I think about that for a moment. Think about how electric it felt last night to be between the two of them, because it was electric and somehow also comforting—like nothing I’ve ever felt before in bed. As if between the three of us we could handle anything, we could explore everywhere, our shared strength and energy creating a web of safety and affection all around us.

I look out the window at the barn, where the three of us fooled around last night, wondering if maybe I fit better in a three than a two myself. Or is it just Caleb and Ben? Even if I left here and found another set of boys to play with, would it be the same?

I sigh. How could it be the same? When it’s them I want so much, not the number?

“So we went to college and dated around for a while,” Caleb continues. “And it was at the end of freshman year that my dad took me aside to have a chat. Turns out our little college flings had made their way through the town gossips back to him.”

I grimace, and Caleb just laughs.

“Don’t worry, he didn’t kill me. Instead, he told me about Mrs. Parry’s sister.”

“What about her?” I ask, a little confused.

“She lived with two men on the other side of Holm for fifty years.”

“Oh,” I respond in a surprised voice. “That’s unusual.”

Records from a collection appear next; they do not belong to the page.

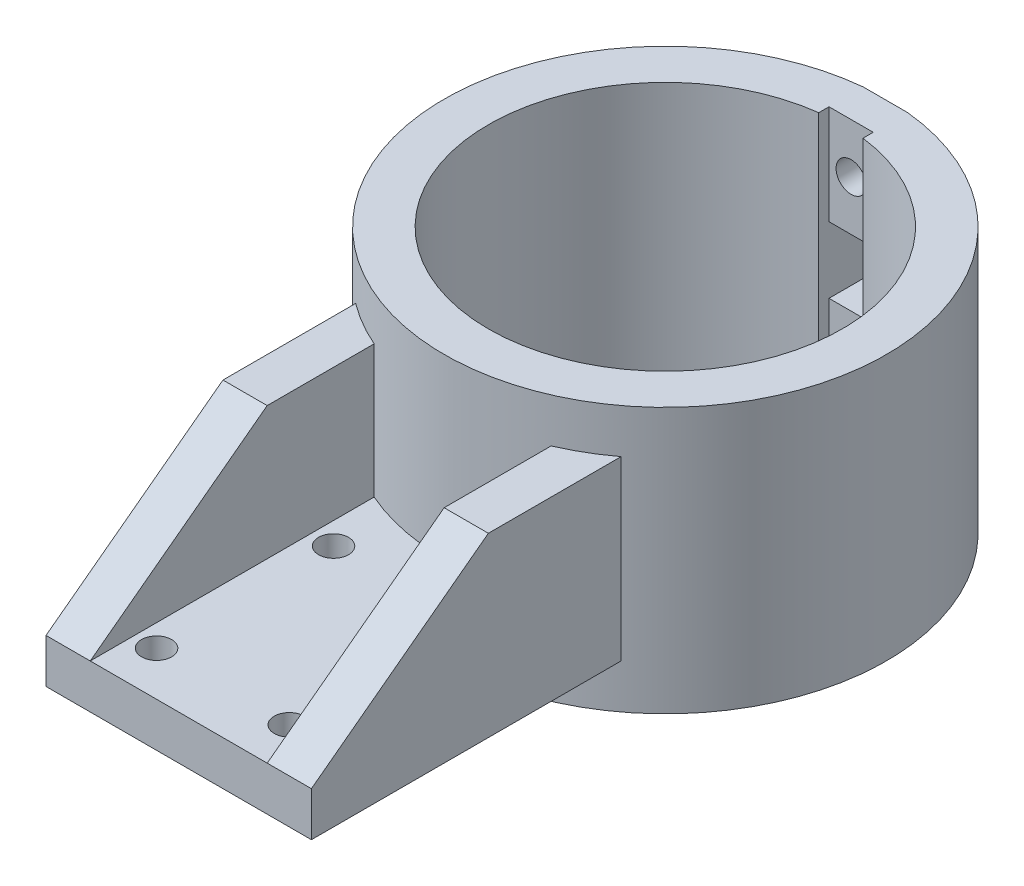
SolidWorks part; units mm, degrees
material "AISI 304"
ref_plane "前视基准面" through (0, 0, 0) normal (0, 0, 1) x (1, 0, 0)
ref_plane "上视基准面" through (0, 0, 0) normal (0, 1, 0) x (1, 0, 0)
ref_plane "右视基准面" through (0, 0, 0) normal (1, 0, 0) x (0, 0, -1)
ref_plane "Plane1" through (0, 0, 50) normal (0, 0, 1) x (1, 0, 0)
sketch "Sketch1" plane through (0, 0, 0) normal (0, 1, 0) x (1, 0, 0)
  circle A0 centre (0, 0) radius 50
  circle A1 centre (0, 0) radius 40
  dimension "D1" = 80
  dimension "D2" = 100
extrude "Extrude1" add sketch "Sketch1" along normal blind 60
sketch "Sketch2" plane through (0, 0, 50) normal (0, 0, 1) x (1, 0, 0)
  line L5 (-30, 50) -> (-20, 50)
  line L6 (30, 10) -> (-30, 10)
  line L7 (30, 10) -> (30, 50)
  line L9 (-30, 10) -> (-30, 50)
  line L10 (30, 10) -> (-30, 50) construction
  line L11 (30, 50) -> (-30, 10) construction
  line L16 (-20, 50) -> (-20, 20)
  line L17 (-20, 20) -> (20, 20)
  line L18 (20, 20) -> (20, 50)
  line L19 (20, 50) -> (30, 50)
  point P11 (0, 30)
  point P16 (0, 30)
  dimension "D1" = 60
  dimension "D2" = 10
  dimension "D3" = 40
  dimension "D4" = 10
  dimension "D5" = 10
extrude "Extrude2" add sketch "Sketch2" against normal up to body separate body
sketch "Sketch7" plane through (0, 0, 50) normal (0, 0, 1) x (1, 0, 0)
  line L20 (20, 20) -> (0, 20)
  line L21 (0, 20) -> (-20, 20)
  line L22 (-20, 20) -> (-20, 50)
  line L23 (-20, 50) -> (-30, 50)
  line L24 (-30, 50) -> (-30, 10)
  line L25 (-30, 10) -> (0, 10)
  line L26 (0, 10) -> (30, 10)
  line L27 (30, 10) -> (30, 50)
  line L28 (30, 50) -> (20, 50)
  line L29 (20, 50) -> (20, 20)
  line L30 (20, 20) -> (0, 20)
  line L31 (0, 20) -> (-20, 20)
  line L32 (-20, 20) -> (-20, 50)
  line L33 (-20, 50) -> (-30, 50)
  line L34 (-30, 50) -> (-30, 10)
  line L35 (-30, 10) -> (0, 10)
  line L36 (0, 10) -> (30, 10)
  line L37 (30, 10) -> (30, 50)
  line L38 (30, 50) -> (20, 50)
  line L39 (20, 50) -> (20, 20)
  dimension "D1" = 0
sketch "Sketch8" plane through (0, 0, 50) normal (0, 0, 1) x (1, 0, 0)
  line L20 (20, 20) -> (0, 20)
  line L21 (0, 20) -> (-20, 20)
  line L22 (-20, 20) -> (-20, 50)
  line L23 (-20, 50) -> (-30, 50)
  line L24 (-30, 50) -> (-30, 10)
  line L25 (-30, 10) -> (0, 10)
  line L26 (0, 10) -> (30, 10)
  line L27 (30, 10) -> (30, 50)
  line L28 (30, 50) -> (20, 50)
  line L29 (20, 50) -> (20, 20)
  line L30 (20, 20) -> (0, 20)
  line L31 (0, 20) -> (-20, 20)
  line L32 (-20, 20) -> (-20, 50)
  line L33 (-20, 50) -> (-30, 50)
  line L34 (-30, 50) -> (-30, 10)
  line L35 (-30, 10) -> (0, 10)
  line L36 (0, 10) -> (30, 10)
  line L37 (30, 10) -> (30, 50)
  line L38 (30, 50) -> (20, 50)
  line L39 (20, 50) -> (20, 20)
  dimension "D1" = 0
extrude "Extrude5" add sketch "Sketch8" along normal blind 60
sketch "Sketch9" plane through (-30, 0, 0) normal (-1, 0, 0) x (0, 0, 1)
  line L0 (110, 50) -> (110, 20)
  line L1 (110, 20) -> (70, 50)
  line L2 (40, 50) -> (110, 50) construction
  line L3 (70, 50) -> (110, 50)
  dimension "D1" = 40
extrude "Extrude6" cut sketch "Sketch9" against normal through all both and the other way through all
sketch "Sketch10" plane through (0, 60, 0) normal (0, 1, 0) x (1, 0, 0)
  line L0 (0, 54.1331) -> (0, -107.2527) construction
  line L2 (-5, 42) -> (5, 42)
  line L3 (-5, 42) -> (-5, 38)
  line L4 (-5, 38) -> (5, 38)
  line L5 (5, 42) -> (5, 38)
  line L6 (-5, 42) -> (5, 38) construction
  line L7 (-5, 38) -> (5, 42) construction
  line L8 (5, 50.2506) -> (-5, 50.2506)
  line L9 (5, 50.2506) -> (5, 49.7494)
  line L10 (5, 49.7494) -> (-5, 49.7494)
  line L11 (-5, 50.2506) -> (-5, 49.7494)
  line L12 (5, 50.2506) -> (-5, 49.7494) construction
  line L13 (5, 49.7494) -> (-5, 50.2506) construction
  circle A0 centre (0, 0) radius 40 construction
  circle A1 centre (0, 0) radius 50 construction
  point P3 (0, 40)
  point P10 (0, 50)
  dimension "D1" = 10
  dimension "D2" = 10
  dimension "D3" = 4
extrude "Extrude7" cut sketch "Sketch10" against normal through all
sketch "Sketch11" plane through (0, 0, -49.7494) normal (0, 0, -1) x (-1, 0, 0)
  line L0 (-5, 0) -> (-5, 60) construction
  line L1 (-5, 37.5) -> (5, 37.5)
  line L2 (-5, 37.5) -> (-5, 22.5)
  line L3 (-5, 22.5) -> (5, 22.5)
  line L4 (5, 37.5) -> (5, 22.5)
  line L5 (5, 0) -> (5, 60) construction
  line L6 (-50, 30) -> (50, 30) construction
  line L7 (-50, 60) -> (-50, 0) construction
  line L8 (50, 0) -> (50, 60) construction
  dimension "D1" = 15
  dimension "D2" = 7.5
extrude "Extrude8" cut sketch "Sketch11" against normal up to next
sketch "Sketch13" plane through (0, 0, -49.7494) normal (0, 0, -1) x (-1, 0, 0)
  line L0 (0, 60) -> (0, 0) construction
  line L1 (5, 60) -> (-5, 60) construction
  line L3 (5, 0) -> (-5, 0) construction
  point P5 (0, 48.75)
  point P6 (0, 11.25)
  dimension "D1" = 11.25
  dimension "D2" = 11.25
hole_wizard "M8 Tapped Hole2" positions "3DSketch3" profile "Sketch14" tap size "M8" standard "GB"
sketch3d "3DSketch3"
  point P0 (0, 48.75, -49.7494)
  point P3 (0, 11.25, -49.7494)
sketch "Sketch14" plane through (0, 48.75, -49.7494) normal (1, 0, 0) x (0, 1, 0)
  line L0 (0, 0) -> (0, 21.7929)
  line L1 (0, 21.7929) -> (3.4, 19.75)
  line L2 (3.4, 19.75) -> (3.4, 0)
  line L5 (3.4, 0) -> (0, 0)
  line L10 (0, 21.7929) -> (-3.4, 19.75) construction
  line L11 (0, -6.35) -> (0, 107.95) construction
  dimension "螺纹孔钻头直径" = 6.8
  dimension "螺纹孔钻头深度" = 19.75
  dimension "导头角度" = 118
cosmetic thread "Cosmetic Thread1" parameters "D1"=9.0977, "D2"=8
cosmetic thread "Cosmetic Thread2" parameters "D1"=9.0977, "D2"=8
sketch "Sketch15" plane through (0, 20, 0) normal (0, 1, 0) x (1, 0, 0)
  line L0 (0, -110) -> (0, -50) construction
  line L1 (20, -110) -> (-20, -110) construction
  line L2 (0, -50) -> (30, -50) construction
  line L3 (-15, -80) -> (15, -80) construction
  line L4 (15, -100) -> (-15, -100) construction
  line L5 (15, -100) -> (15, -60) construction
  line L6 (15, -60) -> (-15, -60) construction
  line L7 (-15, -100) -> (-15, -60) construction
  line L8 (15, -100) -> (-15, -60) construction
  line L9 (15, -60) -> (-15, -100) construction
  arc A0 (-5, 49.7494) -> (5, 49.7494) centre (0, 0) ccw construction
  point P7 (0, -80)
  dimension "D1" = 30
  dimension "D2" = 40
  dimension "D3" = 80
hole_wizard "M8 Tapped Hole3" positions "3DSketch4" profile "Sketch16" tap size "M8" standard "GB"
sketch3d "3DSketch4"
  point P0 (-15, 20, 60)
  point P3 (15, 20, 60)
  point P6 (-15, 20, 100)
  point P9 (15, 20, 100)
sketch "Sketch16" plane through (-15, 20, 60) normal (1, 0, 0) x (0, 0, 1)
  line L0 (0, 0) -> (0, 21.7929)
  line L1 (0, 21.7929) -> (3.4, 19.75)
  line L2 (3.4, 19.75) -> (3.4, 0)
  line L5 (3.4, 0) -> (0, 0)
  line L10 (0, 21.7929) -> (-3.4, 19.75) construction
  line L11 (0, -6.35) -> (0, 107.95) construction
  dimension "螺纹孔钻头直径" = 6.8
  dimension "螺纹孔钻头深度" = 19.75
  dimension "导头角度" = 118
cosmetic thread "Cosmetic Thread3" parameters "D1"=10, "D2"=8
cosmetic thread "Cosmetic Thread4" parameters "D1"=10, "D2"=8
cosmetic thread "Cosmetic Thread5" parameters "D1"=10, "D2"=8
cosmetic thread "Cosmetic Thread6" parameters "D1"=10, "D2"=8

“The more unusual part is that I guess the town got used to it. She and her two men were part of everything—church, Rotary club, town picnics. And my dad told me if Ben and I wanted to live that way, the town would accept us. And he said if we wanted to be a couple, just the two of us, then he’d make sure the town accepted us that way too.”

“And did they?” I ask. “Accept you?”

“Yeah,” Caleb says with a smile. “They did. Mackenna lived with us for four years after college, and we never had to hide it. Not here in Holm, at least. People stared a bit in the beginning, when the three of us would hold hands or share a blanket during the town parade, but they got used to it fast. Maybe even bored with it. And after she left, when it was just the two of us together, it was the same way.”

“Huh.” It goes against everything I’ve ever thought about small towns, being a city girl myself, but maybe there’s something about a tightly knit community that can absorb differences in surprising ways. “When did Mackenna leave? Why did she leave?”

Caleb’s smile drops and drops fast. He looks out the window and rubs the back of his neck again. “She left nearly five years ago. Honest, it doesn’t keep me up at night, but for Ben—well, Ben’s the reason she left.”

“Why? Was he a jerk to her too?” I ask a little bitterly.